On the one hand your are stopping support for OnPremise Products.

On the other Hand the cloud just is not ready for us - we need a custom domain for confluence.

(and you even stopped bringing this feature forward - see your Jira CLOUD-6999)

 

This is ridiculous and basically means strategic move away from confluence

6 comments

Agreed. Tragic.

What you get when someone thinks greedy is good. And the really insulting thing, arguing that "these changes are in service of setting your organization up for long-term success". Quote from the email we got.

These changes are for Atlassian to earn more, and will most likely force quite a few customers away from their product suite.

Like silverb likes this

Ha, bravo. I just send a thread saying they should take back the decision. And they deleted my post.

Maybe they will also considering delete my license?

This is shockingly sad and, yes, a costumer railroading.

Big Accounts will probably be able to weather this, but small ones?

Not on-premise is/used-to-be BAD. In my former-to-last company we had Cloud (licensed for a couple of hundred users) It had unbearably long response times (we never solved this problem). It was also hard to manage as one didn't have access to anything under the surface of the GUI, in particular the DB. Maybe things have improved in the intervening years? I sure hope so for other's sake.

I'm currently using a Confluence Server for 3 people (the house owners) running on an AWS "small" instance (2 GiB RAM, 1 vCPU ... that's about 0.5 real CPU) about 1500km away which is much faster.

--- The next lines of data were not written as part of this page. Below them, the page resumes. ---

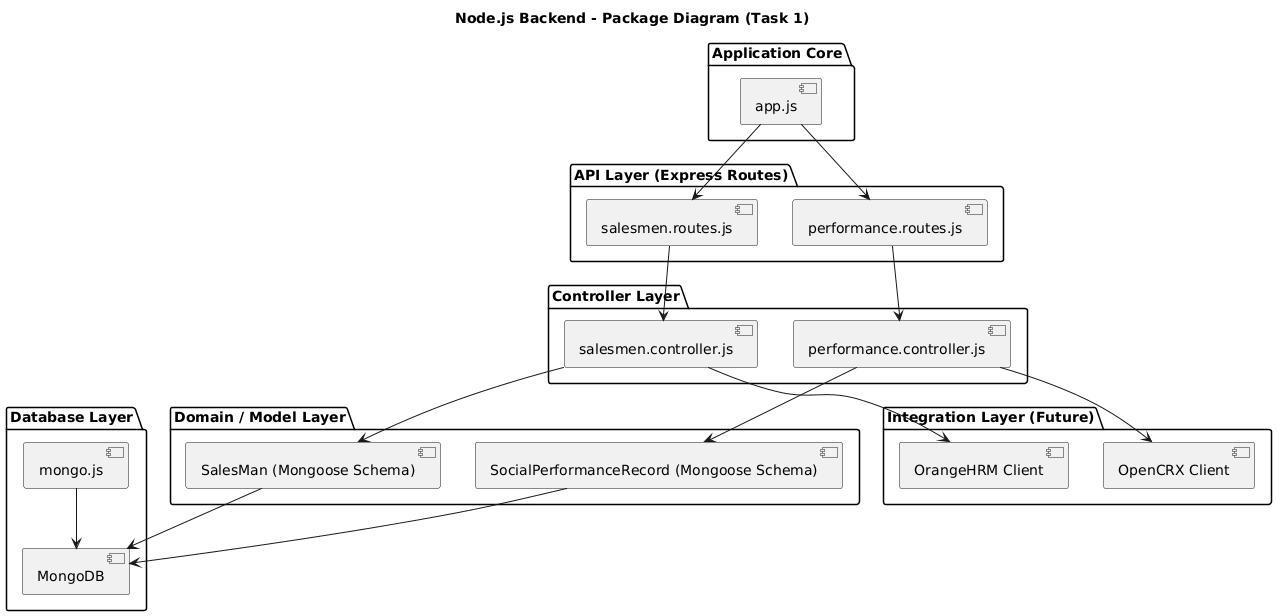

The diagram above was rendered by PlantUML. Its source (embedded in the PNG):
@startuml
title Node.js Backend - Package Diagram (Task 1)

package "API Layer (Express Routes)" {
    [salesmen.routes.js]
    [performance.routes.js]
}

package "Controller Layer" {
    [salesmen.controller.js]
    [performance.controller.js]
}

package "Domain / Model Layer" {
    [SalesMan (Mongoose Schema)]
    [SocialPerformanceRecord (Mongoose Schema)]
}

package "Database Layer" {
    [mongo.js]
    [MongoDB]
}

package "Integration Layer (Future)" {
    [OrangeHRM Client]
    [OpenCRX Client]
}

package "Application Core" {
    [app.js]
}

' Dependencies
[app.js] --> [salesmen.routes.js]
[app.js] --> [performance.routes.js]

[salesmen.routes.js] --> [salesmen.controller.js]
[performance.routes.js] --> [performance.controller.js]

[salesmen.controller.js] --> [SalesMan (Mongoose Schema)]
[performance.controller.js] --> [SocialPerformanceRecord (Mongoose Schema)]

[SalesMan (Mongoose Schema)] --> [MongoDB]
[SocialPerformanceRecord (Mongoose Schema)] --> [MongoDB]
[mongo.js] --> [MongoDB]

' Future integrations
[salesmen.controller.js] --> [OrangeHRM Client]
[performance.controller.js] --> [OpenCRX Client]
@enduml

That's that. Not going back to "Cloud".

Plus, the cloud may be in Australia. What's the legal status here? Big names may want to care. Last I heard about Australia, there was a certain governmental overreach. Well, that's for legal departments to flesh out, not directly one of my worries.

In any case, server product is out too for me -- unless I'm badly mistaken, the new pricing removes Confluence server for 10 users and the smallest license starts at USD 1600, up from a few bucks per year (plus external AWS cost, of course. No third party licenses for plug-ins though). That's a fat nope, unaffordable.

Back to FosWiki then.

 

 

As far as I know they use datacenters in Europe and the US. And US is pretty much the more significant part, at least for me. Why the heck should I trust my intellectual property to the US and rely on a crappy single sided SCC?

Like Vitor LC likes this

Wanted to cancel my on-prem subscription after receiving the mail about the cloud only policy today. However, I cannot even login into my account anymore!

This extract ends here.